*** Opening of Data in this exercise ***

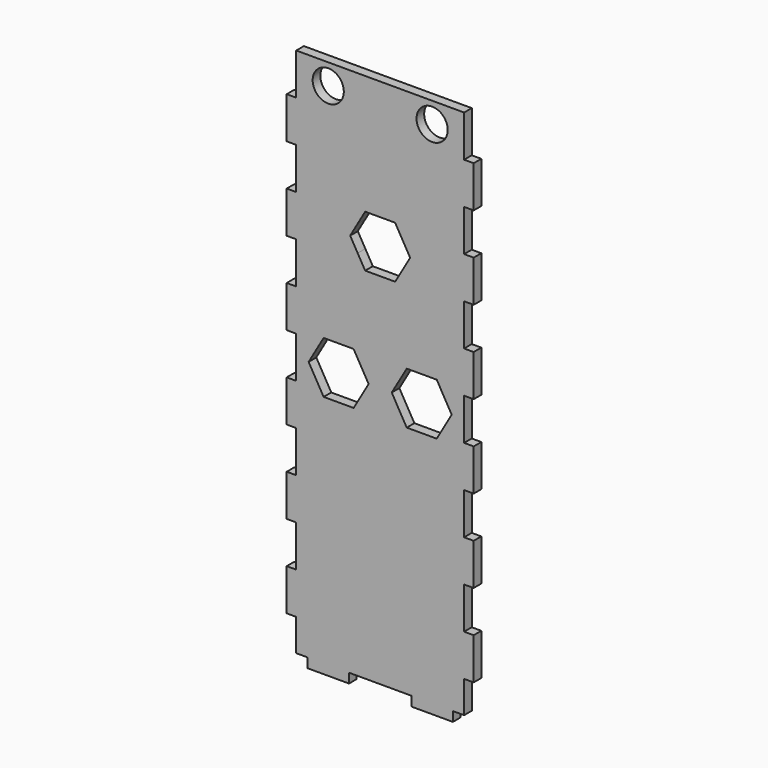
from build123d import *

# Parameters (mm, degrees)
F0_W     = 114.3
F0_H     = 330.2
F1_DEPTH = 5.842
F2_W     = 38.1
F2_H     = 5.842
F2_W_2   = 5.842
F2_H_2   = 25.4
F3_DEPTH = 25.4
F4_R     = 9.525
F5_DEPTH = 5.842


# Not quite as in the source:
# - a feature names something its author has since deleted; it is built from what else it names


with BuildPart() as f1:
    # F0 (on Front) → F1 (new body)
    with BuildSketch(Plane.XZ):
        with Locations((-25.4490938969, 91.3394362139)):
            Rectangle(F0_W, F0_H)
    extrude(amount=F1_DEPTH)

    # F2 (on face) → F3 (cut)
    with BuildSketch(Plane.XZ.offset(5.842)):
        Polygon((-82.5990938969, -73.7605637861), (-69.8990938969, -73.7605637861), (-69.8990938969, -67.9185637861), (-76.7570938969, -67.9185637861), (-76.7570938969, -48.3605637861), (-82.5990938969, -48.3605637861), align=None)
        with Locations((-25.4490938969, -70.8395637861)):
            Rectangle(F2_W, F2_H)
        Polygon((19.0009061031, -67.9185637861), (19.0009061031, -73.7605637861), (31.7009061031, -73.7605637861), (31.7009061031, -48.3605637861), (25.8589061031, -48.3605637861), (25.8589061031, -67.9185637861), align=None)
        with Locations((-79.6780938969, -10.2605637861)):
            Rectangle(F2_W_2, F2_H_2)
        with Locations((28.7799061031, -10.2605637861)):
            Rectangle(F2_W_2, F2_H_2)
        with Locations((-79.6780938969, 40.5394362139)):
            Rectangle(F2_W_2, F2_H_2)
        with Locations((28.7799061031, 40.5394362139)):
            Rectangle(F2_W_2, F2_H_2)
        with Locations((-79.6780938969, 91.3394362139)):
            Rectangle(F2_W_2, F2_H_2)
        with Locations((28.7799061031, 91.3394362139)):
            Rectangle(F2_W_2, F2_H_2)
        with Locations((-79.6780938969, 142.1394362139)):
            Rectangle(F2_W_2, F2_H_2)
        with Locations((28.7799061031, 142.1394362139)):
            Rectangle(F2_W_2, F2_H_2)
        with Locations((-79.6780938969, 192.9394362139)):
            Rectangle(F2_W_2, F2_H_2)
        with Locations((28.7799061031, 192.9394362139)):
            Rectangle(F2_W_2, F2_H_2)
        with Locations((28.7799061031, 243.7394362139)):
            Rectangle(F2_W_2, F2_H_2)
        with Locations((-79.6780938969, 243.7394362139)):
            Rectangle(F2_W_2, F2_H_2)
    extrude(amount=-F3_DEPTH, mode=Mode.SUBTRACT)

    # F4 (on face) → F5 (cut, through all)
    with BuildSketch(Plane.XZ.offset(5.842)):
        with BuildLine():
            ThreePointArc((-11.7009406501, 159.6019361475), (-10.1150214145, 163.4306838358), (-9.5740938969, 167.5394362139))
            ThreePointArc((-9.5740938969, 167.5394362139), (-10.1150214004, 171.6481885393), (-11.7009405957, 175.4769361859))
            ThreePointArc((-11.7009405957, 175.4769361859), (-17.5115938829, 181.2875894909), (-25.4490938969, 183.4144362139))
            ThreePointArc((-25.4490938969, 183.4144362139), (-33.3865937403, 181.2875895894), (-39.1972470011, 175.4769365272))
            ThreePointArc((-39.1972470011, 175.4769365272), (-41.3240938969, 167.5394362139), (-39.1972470011, 159.6019359006))
            ThreePointArc((-39.1972470011, 159.6019359006), (-33.3865937403, 153.7912828383), (-25.4490938969, 151.6644362139))
            ThreePointArc((-25.4490938969, 151.6644362139), (-17.5115939301, 153.7912829096), (-11.7009406501, 159.6019361475))
        make_face()
        with Locations((-57.1990938969, 243.7394362139)):
            Circle(F4_R)
        with Locations((6.3009061031, 243.7394362139)):
            Circle(F4_R)
        Polygon((-32.5182228501, 91.3394362139), (-41.6836583735, 107.2144362139), (-60.0145294203, 107.2144362139), (-69.1799649437, 91.3394362139), (-60.0145294203, 75.4644362139), (-41.6836583735, 75.4644362139), align=None)
        Polygon((18.2817771499, 91.3394362139), (9.1163416265, 107.2144362139), (-9.2145294203, 107.2144362139), (-18.3799649437, 91.3394362139), (-9.2145294203, 75.4644362139), (9.1163416265, 75.4644362139), align=None)
        with BuildLine():
            ThreePointArc((-39.1972470011, 175.4769365272), (-33.3865937403, 181.2875895894), (-25.4490938969, 183.4144362139))
            Line((-25.4490938969, 183.4144362139), (-34.6145294203, 183.4144362139))
            Line((-34.6145294203, 183.4144362139), (-39.1972470011, 175.4769365272))
        make_face()
        with BuildLine():
            ThreePointArc((-25.4490938969, 183.4144362139), (-17.5115938829, 181.2875894909), (-11.7009405957, 175.4769361859))
            Line((-11.7009405957, 175.4769361859), (-16.2836583735, 183.4144362139))
            Line((-16.2836583735, 183.4144362139), (-25.4490938969, 183.4144362139))
        make_face()
        with BuildLine():
            ThreePointArc((-11.7009405957, 175.4769361859), (-10.1150214004, 171.6481885393), (-9.5740938969, 167.5394362139))
            ThreePointArc((-9.5740938969, 167.5394362139), (-10.1150214145, 163.4306838358), (-11.7009406501, 159.6019361475))
            Line((-11.7009406501, 159.6019361475), (-7.1182228501, 167.5394362139))
            Line((-7.1182228501, 167.5394362139), (-11.7009405957, 175.4769361859))
        make_face()
        with BuildLine():
            Line((-16.2836583735, 151.6644362139), (-11.7009406501, 159.6019361475))
            ThreePointArc((-11.7009406501, 159.6019361475), (-17.5115939301, 153.7912829096), (-25.4490938969, 151.6644362139))
            Line((-25.4490938969, 151.6644362139), (-16.2836583735, 151.6644362139))
        make_face()
        with BuildLine():
            Line((-34.6145294203, 151.6644362139), (-25.4490938969, 151.6644362139))
            ThreePointArc((-25.4490938969, 151.6644362139), (-33.3865937403, 153.7912828383), (-39.1972470011, 159.6019359006))
            Line((-39.1972470011, 159.6019359006), (-34.6145294203, 151.6644362139))
        make_face()
        with BuildLine():
            ThreePointArc((-39.1972470011, 159.6019359006), (-41.3240938969, 167.5394362139), (-39.1972470011, 175.4769365272))
            Line((-39.1972470011, 175.4769365272), (-43.7799649437, 167.5394362139))
            Line((-43.7799649437, 167.5394362139), (-39.1972470011, 159.6019359006))
        make_face()
    extrude(amount=-F5_DEPTH, mode=Mode.SUBTRACT)


solid = f1.part

*** Close of Data in this exercise ***

● **Task brief**: Each line above that includes "None" should be shown.

● **Completed exercise**:
        Polygon((-82.5990938969, -73.7605637861), (-69.8990938969, -73.7605637861), (-69.8990938969, -67.9185637861), (-76.7570938969, -67.9185637861), (-76.7570938969, -48.3605637861), (-82.5990938969, -48.3605637861), align=None)
        Polygon((19.0009061031, -67.9185637861), (19.0009061031, -73.7605637861), (31.7009061031, -73.7605637861), (31.7009061031, -48.3605637861), (25.8589061031, -48.3605637861), (25.8589061031, -67.9185637861), align=None)
        Polygon((-32.5182228501, 91.3394362139), (-41.6836583735, 107.2144362139), (-60.0145294203, 107.2144362139), (-69.1799649437, 91.3394362139), (-60.0145294203, 75.4644362139), (-41.6836583735, 75.4644362139), align=None)
        Polygon((18.2817771499, 91.3394362139), (9.1163416265, 107.2144362139), (-9.2145294203, 107.2144362139), (-18.3799649437, 91.3394362139), (-9.2145294203, 75.4644362139), (9.1163416265, 75.4644362139), align=None)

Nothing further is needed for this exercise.